Here I am reading the data from a xlsx file.
import pandas as pd
df = pd.read_excel("data.xlsx", sheet_name = 4)
print df
Output:
cluster Unnamed: 1 date budget actual
0 a 2014-01-01 00:00:00 11000 10000
1 a 2014-02-01 00:00:00 1200 1000
2 a 2014-03-01 00:00:00 200 100
3 b 2014-04-01 00:00:00 200 300
4 b 2014-05-01 00:00:00 400 450
5 c 2014-06-01 00:00:00 700 1000
6 c 2014-07-01 00:00:00 1200 1000
7 c 2014-08-01 00:00:00 200 100
8 c 2014-09-01 00:00:00 200 300
Sum two columns into 3rd new one.
df['variance'] = df.apply(lambda x: x['budget'] + x['actual'], axis=1)
print df
Output:
cluster Unnamed: 1 date budget actual variance
0 a 2014-01-01 00:00:00 11000 10000 21000
1 a 2014-02-01 00:00:00 1200 1000 2200
2 a 2014-03-01 00:00:00 200 100 300
3 b 2014-04-01 00:00:00 200 300 500
4 b 2014-05-01 00:00:00 400 450 850
5 c 2014-06-01 00:00:00 700 1000 1700
6 c 2014-07-01 00:00:00 1200 1000 2200
7 c 2014-08-01 00:00:00 200 100 300
8 c 2014-09-01 00:00:00 200 300 500
If "budget" has any NaN values but you don't want it to sum to NaN then try:
def fun (b, a):
if math.isnan(b):
return a
else:
return b + a
f = np.vectorize(fun, otypes=[float])
df['variance'] = f(df['budget'], df_Lp['actual'])
This is the most elegant solution which follows DRY and work absolutely great.

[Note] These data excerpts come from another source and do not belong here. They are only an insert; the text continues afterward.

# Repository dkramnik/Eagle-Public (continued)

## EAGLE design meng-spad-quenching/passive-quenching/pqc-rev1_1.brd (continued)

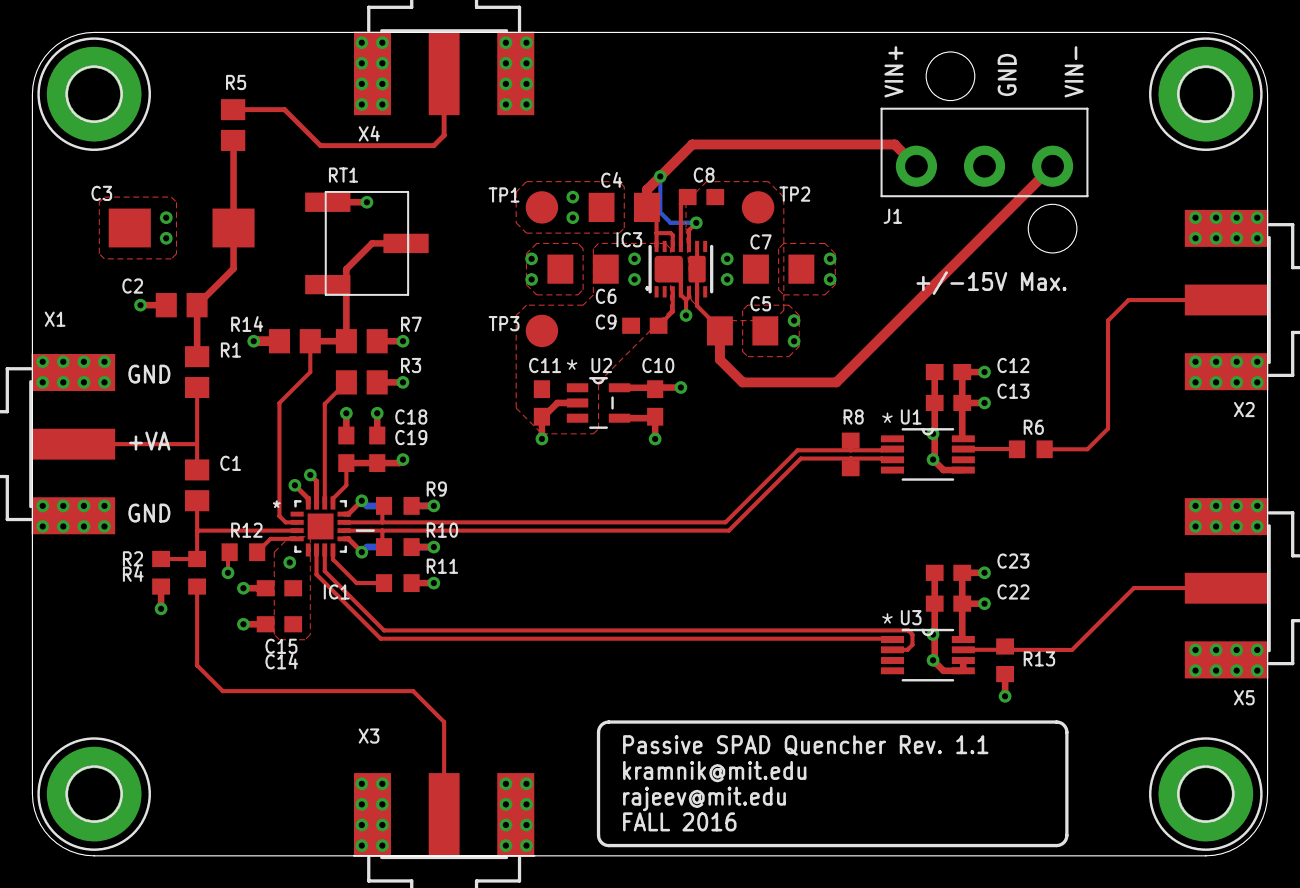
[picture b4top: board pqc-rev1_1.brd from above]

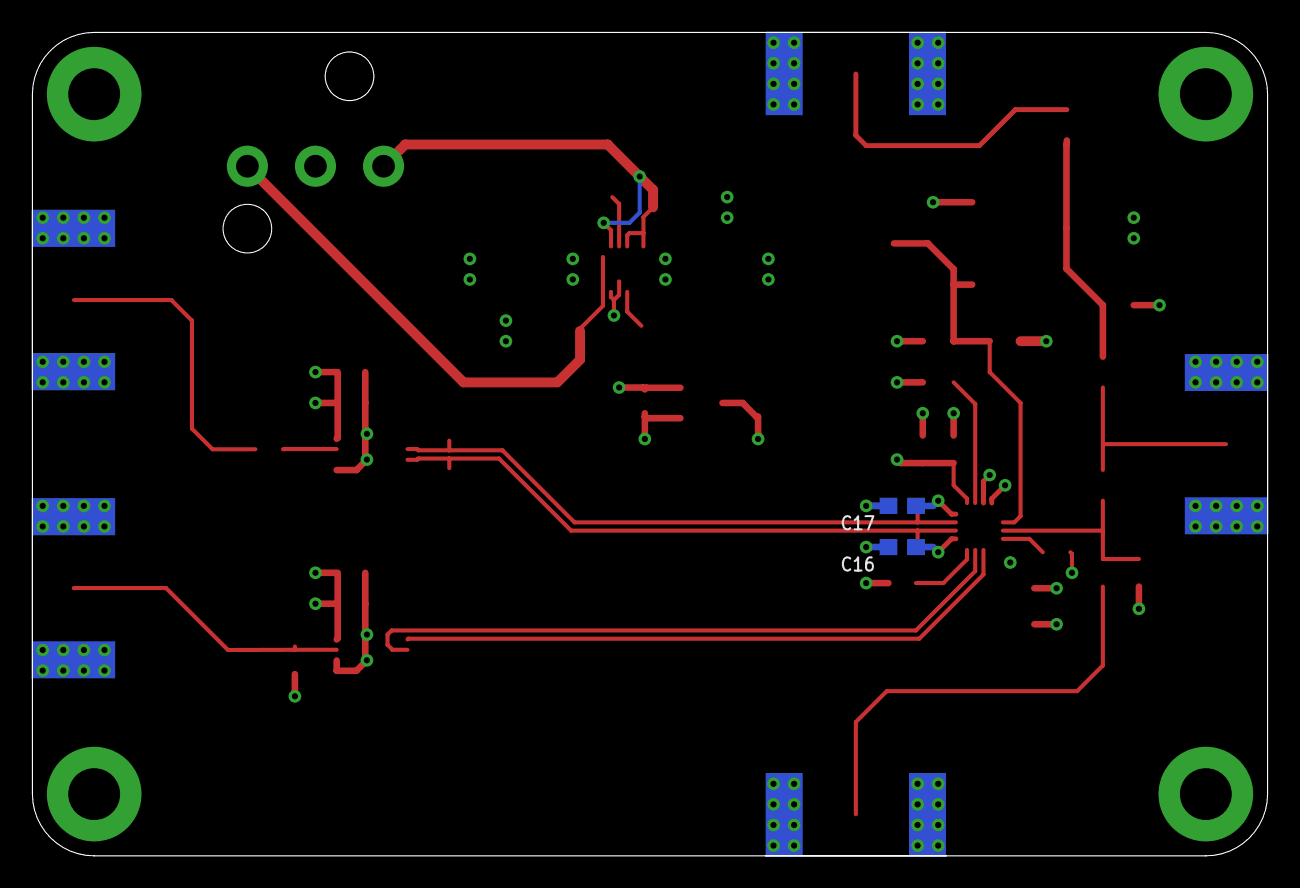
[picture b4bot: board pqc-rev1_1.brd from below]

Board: 4 copper layers, 76.2 x 50.8 mm, 54 parts (2 on the bottom side), 24 nets.

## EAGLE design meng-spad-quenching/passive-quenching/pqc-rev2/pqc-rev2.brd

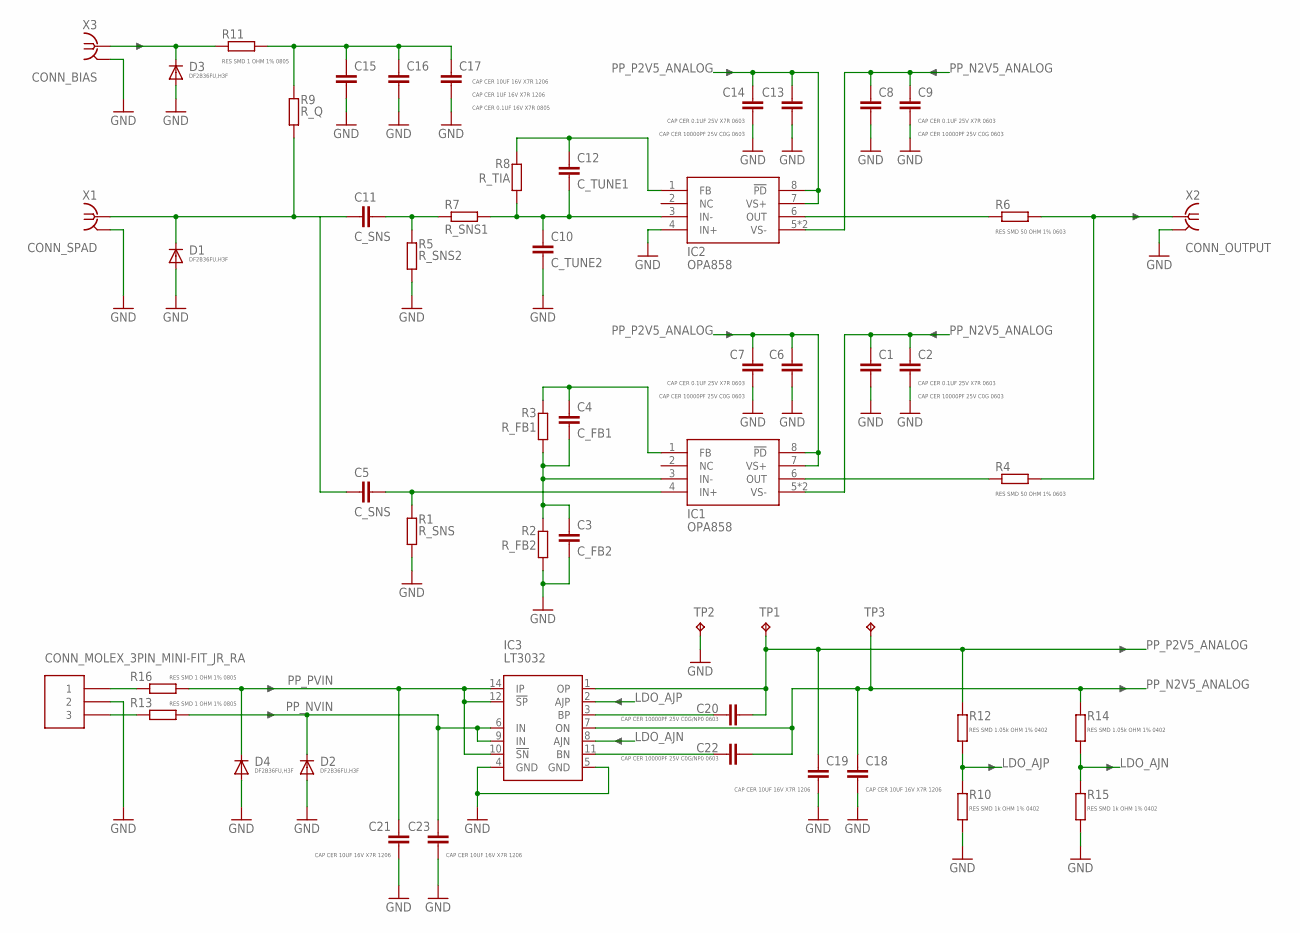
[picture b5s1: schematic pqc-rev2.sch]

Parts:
C1, C6, C8, C13: CAP CER 10000PF 25V C0G 0603; C0603
C2, C7, C9, C14: CAP CER 0.1UF 25V X7R 0603; C0603
C3: C_FB2; C0402
C4: C_FB1; C0402
C5, C11: C_SNS; C0603
C10: C_TUNE2; C0402
C12: C_TUNE1; C0402
C15: CAP CER 0.1UF 16V X7R 0805; C0805
C16: CAP CER 1UF 16V X7R 1206; C1206
C17, C18, C19, C21, C23: CAP CER 10UF 16V X7R 1206; C1206
C20, C22: CAP CER 10000PF 25V C0G/NP0 0603; C0603
D1, D2, D3, D4: DF2B36FU,H3F; SOD323-W
IC1, IC2: OPA858; WSON8
IC3: LT3032; DFN14-4X3DE
J1: CONN_MOLEX_3PIN_MINI-FIT_JR_RA
R1: R_SNS; R0402
R2: R_FB2; R0402
R3: R_FB1; R0402
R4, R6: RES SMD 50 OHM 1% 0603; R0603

dataframe_name['col1', 'col2', 'col3'].sum(axis = 1, skipna = True)
Thank you.
eval lets you sum and create columns right away:
In [12]: data.eval('variance = budget + actual', inplace=True)
In [13]: data
Out[13]:
cluster date budget actual variance
0 a 2014-01-01 00:00:00 11000 10000 21000
1 a 2014-02-01 00:00:00 1200 1000 2200
2 a 2014-03-01 00:00:00 200 100 300
3 b 2014-04-01 00:00:00 200 300 500
4 b 2014-05-01 00:00:00 400 450 850
5 c 2014-06-01 00:00:00 700 1000 1700
6 c 2014-07-01 00:00:00 1200 1000 2200
7 c 2014-08-01 00:00:00 200 100 300
8 c 2014-09-01 00:00:00 200 300 500
Since inplace=True you don't need to assign it back to data.